The important characteristics of this SLO are:
- Error budget is consumed at a rate proportional to unmet target performance - Error budget is consumed even by batches that process less-than-maximum volume
One thing to note is that throughput exceeding the target threshold is considered 0% error, rather than some negative error value. This is a deliberate choice to avoid encouraging spiky throughput values, but may be toggled in future.
func (BatchProcessingSLO) Rules ¶
func (b BatchProcessingSLO) Rules() []rulefmt.Rule
type ErrorRateSLO ¶
To use this template, you provide a parameterised rate of requests and errors that are sliced across multiple time windows.
func (ErrorRateSLO) Rules ¶
func (e ErrorRateSLO) Rules() []rulefmt.Rule
type LatencySLO ¶
type LatencySLO struct { RequestClass string // request class references a latency target Total string // parameterized rate of total requests Observation string // parameterized rate of histogram bucket // contains filtered or unexported fields }
LatencySLO is used to construct SLOs based on latency.
To use this template, you provide a parameterized rate of total requests, a parameterized counter that tracks the number of observations (histogram bucket) and request class that references a latency target.

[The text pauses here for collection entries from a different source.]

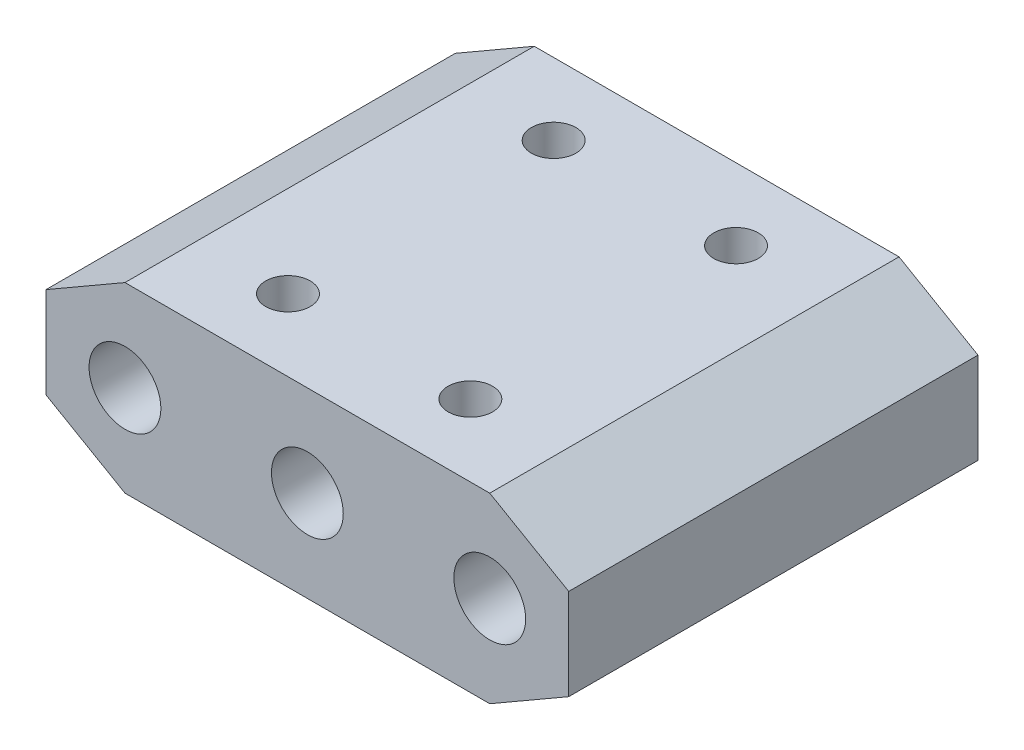
ISO-10303-21;
HEADER;
FILE_DESCRIPTION(('STEP AP214'),'2;1');
FILE_NAME('part.step','',(''),(''),'','','');
FILE_SCHEMA(('AUTOMOTIVE_DESIGN { 1 0 10303 214 1 1 1 1 }'));
ENDSEC;
DATA;
#1=APPLICATION_CONTEXT('core data for automotive mechanical design processes');
#2=APPLICATION_PROTOCOL_DEFINITION('international standard','automotive_design',2000,#1);
#3=PRODUCT_CONTEXT('',#1,'mechanical');
#4=PRODUCT('Part','Part','',(#3));
#5=PRODUCT_RELATED_PRODUCT_CATEGORY('part','',(#4));
#6=PRODUCT_DEFINITION_FORMATION('','',#4);
#7=PRODUCT_DEFINITION_CONTEXT('part definition',#1,'design');
#8=PRODUCT_DEFINITION('design','',#6,#7);
#9=PRODUCT_DEFINITION_SHAPE('','',#8);
#10=(LENGTH_UNIT() NAMED_UNIT(*) SI_UNIT(.MILLI.,.METRE.));
#11=(NAMED_UNIT(*) PLANE_ANGLE_UNIT() SI_UNIT($,.RADIAN.));
#12=(NAMED_UNIT(*) SI_UNIT($,.STERADIAN.) SOLID_ANGLE_UNIT());
#13=UNCERTAINTY_MEASURE_WITH_UNIT(LENGTH_MEASURE(1.E-05),#10,'distance_accuracy_value','');
#14=(GEOMETRIC_REPRESENTATION_CONTEXT(3) GLOBAL_UNCERTAINTY_ASSIGNED_CONTEXT((#13)) GLOBAL_UNIT_ASSIGNED_CONTEXT((#10,
#11,#12)) REPRESENTATION_CONTEXT('',''));
#15=CARTESIAN_POINT('',(0.,0.,0.));
#16=DIRECTION('',(0.,0.,1.));
#17=DIRECTION('',(1.,0.,0.));
#18=AXIS2_PLACEMENT_3D('',#15,#16,#17);
#19=CARTESIAN_POINT('',(0.,0.,-28.5));
#20=DIRECTION('',(0.,-1.,0.));
#21=DIRECTION('',(0.,0.,-1.));
#22=AXIS2_PLACEMENT_3D('',#19,#20,#21);
#23=PLANE('',#22);
#24=CARTESIAN_POINT('',(12.7,0.,-5.));
#25=DIRECTION('',(0.,1.,0.));
#26=DIRECTION('',(-1.,0.,0.));
#27=AXIS2_PLACEMENT_3D('',#24,#25,#26);
#28=CIRCLE('',#27,1.55);
#29=CARTESIAN_POINT('',(11.15,0.,-5.));
#30=VERTEX_POINT('',#29);
#31=EDGE_CURVE('E287',#30,#30,#28,.T.);
#32=ORIENTED_EDGE('',*,*,#31,.T.);
#33=EDGE_LOOP('',(#32));
#34=FACE_BOUND('',#33,.T.);
#35=CARTESIAN_POINT('',(25.4,0.,-5.));
#36=DIRECTION('',(0.,1.,0.));
#37=DIRECTION('',(-1.,0.,0.));
#38=AXIS2_PLACEMENT_3D('',#35,#36,#37);
#39=CIRCLE('',#38,1.55);
#40=CARTESIAN_POINT('',(23.85,0.,-5.));
#41=VERTEX_POINT('',#40);
#42=EDGE_CURVE('E273',#41,#41,#39,.T.);
#43=ORIENTED_EDGE('',*,*,#42,.T.);
#44=EDGE_LOOP('',(#43));
#45=FACE_BOUND('',#44,.T.);
#46=CARTESIAN_POINT('',(25.4,0.,-23.5));
#47=DIRECTION('',(0.,1.,0.));
#48=DIRECTION('',(-1.,0.,0.));
#49=AXIS2_PLACEMENT_3D('',#46,#47,#48);
#50=CIRCLE('',#49,1.55);
#51=CARTESIAN_POINT('',(23.85,0.,-23.5));
#52=VERTEX_POINT('',#51);
#53=EDGE_CURVE('E267',#52,#52,#50,.T.);
#54=ORIENTED_EDGE('',*,*,#53,.T.);
#55=EDGE_LOOP('',(#54));
#56=FACE_BOUND('',#55,.T.);
#57=CARTESIAN_POINT('',(12.7,0.,-23.5));
#58=DIRECTION('',(0.,1.,0.));
#59=DIRECTION('',(-1.,0.,0.));
#60=AXIS2_PLACEMENT_3D('',#57,#58,#59);
#61=CIRCLE('',#60,1.55);
#62=CARTESIAN_POINT('',(11.15,0.,-23.5));
#63=VERTEX_POINT('',#62);
#64=EDGE_CURVE('E295',#63,#63,#61,.T.);
#65=ORIENTED_EDGE('',*,*,#64,.T.);
#66=EDGE_LOOP('',(#65));
#67=FACE_BOUND('',#66,.T.);
#68=DIRECTION('',(1.,0.,0.));
#69=VECTOR('',#68,1.);
#70=CARTESIAN_POINT('',(0.,0.,0.));
#71=LINE('',#70,#69);
#72=CARTESIAN_POINT('',(6.35,0.,0.));
#73=VERTEX_POINT('',#72);
#74=CARTESIAN_POINT('',(31.75,0.,0.));
#75=VERTEX_POINT('',#74);
#76=EDGE_CURVE('E149',#73,#75,#71,.T.);
#77=ORIENTED_EDGE('',*,*,#76,.F.);
#78=DIRECTION('',(0.,0.,1.));
#79=VECTOR('',#78,1.);
#80=CARTESIAN_POINT('',(6.35,0.,-28.5));
#81=LINE('',#80,#79);
#82=CARTESIAN_POINT('',(6.35,0.,-28.5));
#83=VERTEX_POINT('',#82);
#84=EDGE_CURVE('E11',#83,#73,#81,.T.);
#85=ORIENTED_EDGE('',*,*,#84,.F.);
#86=DIRECTION('',(1.,0.,0.));
#87=VECTOR('',#86,1.);
#88=CARTESIAN_POINT('',(0.,0.,-28.5));
#89=LINE('',#88,#87);
#90=CARTESIAN_POINT('',(31.75,0.,-28.5));
#91=VERTEX_POINT('',#90);
#92=EDGE_CURVE('E178',#83,#91,#89,.T.);
#93=ORIENTED_EDGE('',*,*,#92,.T.);
#94=DIRECTION('',(0.,0.,1.));
#95=VECTOR('',#94,1.);
#96=CARTESIAN_POINT('',(31.75,0.,-28.5));
#97=LINE('',#96,#95);
#98=EDGE_CURVE('E49',#91,#75,#97,.T.);
#99=ORIENTED_EDGE('',*,*,#98,.T.);
#100=EDGE_LOOP('',(#77,#85,#93,#99));
#101=FACE_BOUND('',#100,.T.);
#102=ADVANCED_FACE('F46',(#34,#45,#56,#67,#101),#23,.T.);
#103=CARTESIAN_POINT('',(1.5875,2.74963065701559,-28.5));
#104=DIRECTION('',(-0.5,-0.866025403784439,0.));
#105=DIRECTION('',(0.866025403784439,-0.5,0.));
#106=AXIS2_PLACEMENT_3D('',#103,#104,#105);
#107=PLANE('',#106);
#108=DIRECTION('',(0.866025403784439,-0.5,0.));
#109=VECTOR('',#108,1.);
#110=CARTESIAN_POINT('',(1.5875,2.74963065701559,0.));
#111=LINE('',#110,#109);
#112=CARTESIAN_POINT('',(0.850738685968815,3.175,0.));
#113=VERTEX_POINT('',#112);
#114=EDGE_CURVE('E175',#113,#73,#111,.T.);
#115=ORIENTED_EDGE('',*,*,#114,.F.);
#116=DIRECTION('',(0.,0.,1.));
#117=VECTOR('',#116,1.);
#118=CARTESIAN_POINT('',(0.850738685968815,3.175,-28.5));
#119=LINE('',#118,#117);
#120=CARTESIAN_POINT('',(0.850738685968815,3.175,-28.5));
#121=VERTEX_POINT('',#120);
#122=EDGE_CURVE('E56',#121,#113,#119,.T.);
#123=ORIENTED_EDGE('',*,*,#122,.F.);
#124=DIRECTION('',(0.866025403784439,-0.5,0.));
#125=VECTOR('',#124,1.);
#126=CARTESIAN_POINT('',(1.5875,2.74963065701559,-28.5));
#127=LINE('',#126,#125);
#128=EDGE_CURVE('E133',#121,#83,#127,.T.);
#129=ORIENTED_EDGE('',*,*,#128,.T.);
#130=ORIENTED_EDGE('',*,*,#84,.T.);
#131=EDGE_LOOP('',(#115,#123,#129,#130));
#132=FACE_BOUND('',#131,.T.);
#133=ADVANCED_FACE('F198',(#132),#107,.T.);
#134=CARTESIAN_POINT('',(0.850738685968815,0.,-28.5));
#135=DIRECTION('',(-1.,0.,0.));
#136=DIRECTION('',(0.,-1.,0.));
#137=AXIS2_PLACEMENT_3D('',#134,#135,#136);
#138=PLANE('',#137);
#139=DIRECTION('',(0.,-1.,0.));
#140=VECTOR('',#139,1.);
#141=CARTESIAN_POINT('',(0.850738685968815,0.,0.));
#142=LINE('',#141,#140);
#143=CARTESIAN_POINT('',(0.850738685968815,9.525,0.));
#144=VERTEX_POINT('',#143);
#145=EDGE_CURVE('E121',#144,#113,#142,.T.);
#146=ORIENTED_EDGE('',*,*,#145,.F.);
#147=DIRECTION('',(0.,0.,1.));
#148=VECTOR('',#147,1.);
#149=CARTESIAN_POINT('',(0.850738685968815,9.525,-28.5));
#150=LINE('',#149,#148);
#151=CARTESIAN_POINT('',(0.850738685968815,9.525,-28.5));
#152=VERTEX_POINT('',#151);
#153=EDGE_CURVE('E116',#152,#144,#150,.T.);
#154=ORIENTED_EDGE('',*,*,#153,.F.);
#155=DIRECTION('',(0.,-1.,0.));
#156=VECTOR('',#155,1.);
#157=CARTESIAN_POINT('',(0.850738685968815,0.,-28.5));
#158=LINE('',#157,#156);
#159=EDGE_CURVE('E119',#152,#121,#158,.T.);
#160=ORIENTED_EDGE('',*,*,#159,.T.);
#161=ORIENTED_EDGE('',*,*,#122,.T.);
#162=EDGE_LOOP('',(#146,#154,#160,#161));
#163=FACE_BOUND('',#162,.T.);
#164=ADVANCED_FACE('F118',(#163),#138,.T.);
#165=CARTESIAN_POINT('',(-3.91176131403119,6.7753693429844,-28.5));
#166=DIRECTION('',(-0.5,0.866025403784438,0.));
#167=DIRECTION('',(-0.866025403784438,-0.5,0.));
#168=AXIS2_PLACEMENT_3D('',#165,#166,#167);
#169=PLANE('',#168);
#170=DIRECTION('',(-0.866025403784438,-0.5,0.));
#171=VECTOR('',#170,1.);
#172=CARTESIAN_POINT('',(-3.91176131403119,6.7753693429844,0.));
#173=LINE('',#172,#171);
#174=CARTESIAN_POINT('',(6.35000000000001,12.7,0.));
#175=VERTEX_POINT('',#174);
#176=EDGE_CURVE('E170',#175,#144,#173,.T.);
#177=ORIENTED_EDGE('',*,*,#176,.F.);
#178=DIRECTION('',(0.,0.,1.));
#179=VECTOR('',#178,1.);
#180=CARTESIAN_POINT('',(6.35000000000001,12.7,-28.5));
#181=LINE('',#180,#179);
#182=CARTESIAN_POINT('',(6.35000000000001,12.7,-28.5));
#183=VERTEX_POINT('',#182);
#184=EDGE_CURVE('E127',#183,#175,#181,.T.);
#185=ORIENTED_EDGE('',*,*,#184,.F.);
#186=DIRECTION('',(-0.866025403784438,-0.5,0.));
#187=VECTOR('',#186,1.);
#188=CARTESIAN_POINT('',(-3.91176131403119,6.7753693429844,-28.5));
#189=LINE('',#188,#187);
#190=EDGE_CURVE('E132',#183,#152,#189,.T.);
#191=ORIENTED_EDGE('',*,*,#190,.T.);
#192=ORIENTED_EDGE('',*,*,#153,.T.);
#193=EDGE_LOOP('',(#177,#185,#191,#192));
#194=FACE_BOUND('',#193,.T.);
#195=ADVANCED_FACE('F136',(#194),#169,.T.);
#196=CARTESIAN_POINT('',(0.,12.7,-28.5));
#197=DIRECTION('',(0.,-1.,0.));
#198=DIRECTION('',(1.,0.,0.));
#199=AXIS2_PLACEMENT_3D('',#196,#197,#198);
#200=PLANE('',#199);
#201=CARTESIAN_POINT('',(12.7,12.7,-5.));
#202=DIRECTION('',(0.,1.,0.));
#203=DIRECTION('',(-1.,0.,0.));
#204=AXIS2_PLACEMENT_3D('',#201,#202,#203);
#205=CIRCLE('',#204,1.55);
#206=CARTESIAN_POINT('',(11.15,12.7,-5.));
#207=VERTEX_POINT('',#206);
#208=EDGE_CURVE('E291',#207,#207,#205,.T.);
#209=ORIENTED_EDGE('',*,*,#208,.F.);
#210=EDGE_LOOP('',(#209));
#211=FACE_BOUND('',#210,.T.);
#212=CARTESIAN_POINT('',(25.4,12.7,-5.));
#213=DIRECTION('',(0.,1.,0.));
#214=DIRECTION('',(-1.,0.,0.));
#215=AXIS2_PLACEMENT_3D('',#212,#213,#214);
#216=CIRCLE('',#215,1.55);
#217=CARTESIAN_POINT('',(23.85,12.7,-5.));
#218=VERTEX_POINT('',#217);
#219=EDGE_CURVE('E281',#218,#218,#216,.T.);
#220=ORIENTED_EDGE('',*,*,#219,.F.);
#221=EDGE_LOOP('',(#220));
#222=FACE_BOUND('',#221,.T.);
#223=CARTESIAN_POINT('',(25.4,12.7,-23.5));
#224=DIRECTION('',(0.,1.,0.));
#225=DIRECTION('',(-1.,0.,0.));
#226=AXIS2_PLACEMENT_3D('',#223,#224,#225);
#227=CIRCLE('',#226,1.55);
#228=CARTESIAN_POINT('',(23.85,12.7,-23.5));
#229=VERTEX_POINT('',#228);
#230=EDGE_CURVE('E270',#229,#229,#227,.T.);
#231=ORIENTED_EDGE('',*,*,#230,.F.);
#232=EDGE_LOOP('',(#231));
#233=FACE_BOUND('',#232,.T.);
#234=CARTESIAN_POINT('',(12.7,12.7,-23.5));
#235=DIRECTION('',(0.,1.,0.));
#236=DIRECTION('',(-1.,0.,0.));
#237=AXIS2_PLACEMENT_3D('',#234,#235,#236);
#238=CIRCLE('',#237,1.55);
#239=CARTESIAN_POINT('',(11.15,12.7,-23.5));
#240=VERTEX_POINT('',#239);
#241=EDGE_CURVE('E278',#240,#240,#238,.T.);
#242=ORIENTED_EDGE('',*,*,#241,.F.);
#243=EDGE_LOOP('',(#242));
#244=FACE_BOUND('',#243,.T.);
#245=DIRECTION('',(1.,0.,0.));
#246=VECTOR('',#245,1.);
#247=CARTESIAN_POINT('',(0.,12.7,0.));
#248=LINE('',#247,#246);
#249=CARTESIAN_POINT('',(31.75,12.7,0.));
#250=VERTEX_POINT('',#249);
#251=EDGE_CURVE('E166',#175,#250,#248,.T.);
#252=ORIENTED_EDGE('',*,*,#251,.T.);
#253=DIRECTION('',(0.,0.,1.));
#254=VECTOR('',#253,1.);
#255=CARTESIAN_POINT('',(31.75,12.7,-28.5));
#256=LINE('',#255,#254);
#257=CARTESIAN_POINT('',(31.75,12.7,-28.5));
#258=VERTEX_POINT('',#257);
#259=EDGE_CURVE('E184',#258,#250,#256,.T.);
#260=ORIENTED_EDGE('',*,*,#259,.F.);
#261=DIRECTION('',(1.,0.,0.));
#262=VECTOR('',#261,1.);
#263=CARTESIAN_POINT('',(0.,12.7,-28.5));
#264=LINE('',#263,#262);
#265=EDGE_CURVE('E139',#183,#258,#264,.T.);
#266=ORIENTED_EDGE('',*,*,#265,.F.);
#267=ORIENTED_EDGE('',*,*,#184,.T.);
#268=EDGE_LOOP('',(#252,#260,#266,#267));
#269=FACE_BOUND('',#268,.T.);
#270=ADVANCED_FACE('F212',(#211,#222,#233,#244,#269),#200,.F.);
#271=CARTESIAN_POINT('',(13.4367613140312,23.273153285078,-28.5));
#272=DIRECTION('',(0.500000000000001,0.866025403784438,0.));
#273=DIRECTION('',(-0.866025403784438,0.500000000000001,0.));
#274=AXIS2_PLACEMENT_3D('',#271,#272,#273);
#275=PLANE('',#274);
#276=DIRECTION('',(-0.866025403784438,0.500000000000001,0.));
#277=VECTOR('',#276,1.);
#278=CARTESIAN_POINT('',(13.4367613140312,23.273153285078,0.));
#279=LINE('',#278,#277);
#280=CARTESIAN_POINT('',(37.2492613140312,9.52499999999999,0.));
#281=VERTEX_POINT('',#280);
#282=EDGE_CURVE('E162',#281,#250,#279,.T.);
#283=ORIENTED_EDGE('',*,*,#282,.F.);
#284=DIRECTION('',(0.,0.,1.));
#285=VECTOR('',#284,1.);
#286=CARTESIAN_POINT('',(37.2492613140312,9.52499999999999,-28.5));
#287=LINE('',#286,#285);
#288=CARTESIAN_POINT('',(37.2492613140312,9.52499999999999,-28.5));
#289=VERTEX_POINT('',#288);
#290=EDGE_CURVE('E187',#289,#281,#287,.T.);
#291=ORIENTED_EDGE('',*,*,#290,.F.);
#292=DIRECTION('',(-0.866025403784438,0.500000000000001,0.));
#293=VECTOR('',#292,1.);
#294=CARTESIAN_POINT('',(13.4367613140312,23.273153285078,-28.5));
#295=LINE('',#294,#293);
#296=EDGE_CURVE('E143',#289,#258,#295,.T.);
#297=ORIENTED_EDGE('',*,*,#296,.T.);
#298=ORIENTED_EDGE('',*,*,#259,.T.);
#299=EDGE_LOOP('',(#283,#291,#297,#298));
#300=FACE_BOUND('',#299,.T.);
#301=ADVANCED_FACE('F215',(#300),#275,.T.);
#302=CARTESIAN_POINT('',(37.2492613140312,0.,-28.5));
#303=DIRECTION('',(1.,0.,0.));
#304=DIRECTION('',(0.,0.,-1.));
#305=AXIS2_PLACEMENT_3D('',#302,#303,#304);
#306=PLANE('',#305);
#307=DIRECTION('',(0.,1.,0.));
#308=VECTOR('',#307,1.);
#309=CARTESIAN_POINT('',(37.2492613140312,0.,0.));
#310=LINE('',#309,#308);
#311=CARTESIAN_POINT('',(37.2492613140312,3.17499999999999,0.));
#312=VERTEX_POINT('',#311);
#313=EDGE_CURVE('E158',#312,#281,#310,.T.);
#314=ORIENTED_EDGE('',*,*,#313,.F.);
#315=DIRECTION('',(0.,0.,1.));
#316=VECTOR('',#315,1.);
#317=CARTESIAN_POINT('',(37.2492613140312,3.17499999999999,-28.5));
#318=LINE('',#317,#316);
#319=CARTESIAN_POINT('',(37.2492613140312,3.17499999999999,-28.5));
#320=VERTEX_POINT('',#319);
#321=EDGE_CURVE('E189',#320,#312,#318,.T.);
#322=ORIENTED_EDGE('',*,*,#321,.F.);
#323=DIRECTION('',(0.,1.,0.));
#324=VECTOR('',#323,1.);
#325=CARTESIAN_POINT('',(37.2492613140312,0.,-28.5));
#326=LINE('',#325,#324);
#327=EDGE_CURVE('E330',#320,#289,#326,.T.);
#328=ORIENTED_EDGE('',*,*,#327,.T.);
#329=ORIENTED_EDGE('',*,*,#290,.T.);
#330=EDGE_LOOP('',(#314,#322,#328,#329));
#331=FACE_BOUND('',#330,.T.);
#332=ADVANCED_FACE('F219',(#331),#306,.T.);
#333=CARTESIAN_POINT('',(7.93749999999999,-13.748153285078,-28.5));
#334=DIRECTION('',(0.5,-0.866025403784439,0.));
#335=DIRECTION('',(0.866025403784439,0.5,0.));
#336=AXIS2_PLACEMENT_3D('',#333,#334,#335);
#337=PLANE('',#336);
#338=DIRECTION('',(0.866025403784439,0.5,0.));
#339=VECTOR('',#338,1.);
#340=CARTESIAN_POINT('',(7.93749999999999,-13.748153285078,0.));
#341=LINE('',#340,#339);
#342=EDGE_CURVE('E153',#75,#312,#341,.T.);
#343=ORIENTED_EDGE('',*,*,#342,.F.);
#344=ORIENTED_EDGE('',*,*,#98,.F.);
#345=DIRECTION('',(0.866025403784439,0.5,0.));
#346=VECTOR('',#345,1.);
#347=CARTESIAN_POINT('',(7.93749999999999,-13.748153285078,-28.5));
#348=LINE('',#347,#346);
#349=EDGE_CURVE('E327',#91,#320,#348,.T.);
#350=ORIENTED_EDGE('',*,*,#349,.T.);
#351=ORIENTED_EDGE('',*,*,#321,.T.);
#352=EDGE_LOOP('',(#343,#344,#350,#351));
#353=FACE_BOUND('',#352,.T.);
#354=ADVANCED_FACE('F195',(#353),#337,.T.);
#355=CARTESIAN_POINT('',(0.,0.,-28.5));
#356=DIRECTION('',(0.,0.,1.));
#357=DIRECTION('',(1.,0.,0.));
#358=AXIS2_PLACEMENT_3D('',#355,#356,#357);
#359=PLANE('',#358);
#360=CARTESIAN_POINT('',(31.75,6.34999999999999,-28.5));
#361=DIRECTION('',(0.,0.,-1.));
#362=DIRECTION('',(-1.,0.,0.));
#363=AXIS2_PLACEMENT_3D('',#360,#361,#362);
#364=CIRCLE('',#363,2.49999999999999);
#365=CARTESIAN_POINT('',(29.25,6.34999999999999,-28.5));
#366=VERTEX_POINT('',#365);
#367=EDGE_CURVE('E299',#366,#366,#364,.T.);
#368=ORIENTED_EDGE('',*,*,#367,.F.);
#369=EDGE_LOOP('',(#368));
#370=FACE_BOUND('',#369,.T.);
#371=CARTESIAN_POINT('',(19.05,6.34999999999999,-28.5));
#372=DIRECTION('',(0.,0.,-1.));
#373=DIRECTION('',(-1.,0.,0.));
#374=AXIS2_PLACEMENT_3D('',#371,#372,#373);
#375=CIRCLE('',#374,2.49999999999999);
#376=CARTESIAN_POINT('',(16.55,6.34999999999999,-28.5));
#377=VERTEX_POINT('',#376);
#378=EDGE_CURVE('E306',#377,#377,#375,.T.);
#379=ORIENTED_EDGE('',*,*,#378,.F.);
#380=EDGE_LOOP('',(#379));
#381=FACE_BOUND('',#380,.T.);
#382=CARTESIAN_POINT('',(6.35,6.35,-28.5));
#383=DIRECTION('',(0.,0.,-1.));
#384=DIRECTION('',(-1.,0.,0.));
#385=AXIS2_PLACEMENT_3D('',#382,#383,#384);
#386=CIRCLE('',#385,2.49999999999999);
#387=CARTESIAN_POINT('',(3.85000000000001,6.35,-28.5));
#388=VERTEX_POINT('',#387);
#389=EDGE_CURVE('E310',#388,#388,#386,.T.);
#390=ORIENTED_EDGE('',*,*,#389,.F.);
#391=EDGE_LOOP('',(#390));
#392=FACE_BOUND('',#391,.T.);
#393=ORIENTED_EDGE('',*,*,#92,.F.);
#394=ORIENTED_EDGE('',*,*,#128,.F.);
#395=ORIENTED_EDGE('',*,*,#159,.F.);
#396=ORIENTED_EDGE('',*,*,#190,.F.);
#397=ORIENTED_EDGE('',*,*,#265,.T.);
#398=ORIENTED_EDGE('',*,*,#296,.F.);
#399=ORIENTED_EDGE('',*,*,#327,.F.);
#400=ORIENTED_EDGE('',*,*,#349,.F.);
#401=EDGE_LOOP('',(#393,#394,#395,#396,#397,#398,#399,#400));
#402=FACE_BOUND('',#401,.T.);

This template allows defining SLOs as follows:
90% requests < 300ms 99% requests < 1000ms
func (LatencySLO) Rules ¶
func (l LatencySLO) Rules() []rulefmt.Rule
type Pipeline ¶
type Pipeline struct { // Name defines the RuleGroup name in Prometheus Name string // SLORules is where each SLO should place the appropriate rules that power the // post-processing and alert trailers. SLORules []rulefmt.Rule }
Pipeline can build a RuleGroup that powers the generation of SLO time series. The RuleGroup generated by the Pipeline will include rules installed by templates and the global alerting windows, with each SLOs registered on a Pipeline instance via the MustRegister() method.
func NewPipeline ¶
func (*Pipeline) Build ¶
func (p *Pipeline) Build() rulefmt.RuleGroups
func (*Pipeline) MustRegister ¶
type SLO ¶
type SLO interface { // GetName returns a globally unique name for the SLO GetName() string // Rules generates Prometheus recording rules that implement the SLO definition Rules() []rulefmt.Rule }
SLO the base interface type for all SLOs
func ParseDefinitions ¶
ParseDefinitions loads a YAML file of configured templates that looks like this:
--- definitions: - template: BatchProcessingSLO definition: name: MarkPaymentsAsPaidMeetsDeadline ...
and produces a list of SLOs. This is the file format we expect users to be providing to the slo-builder.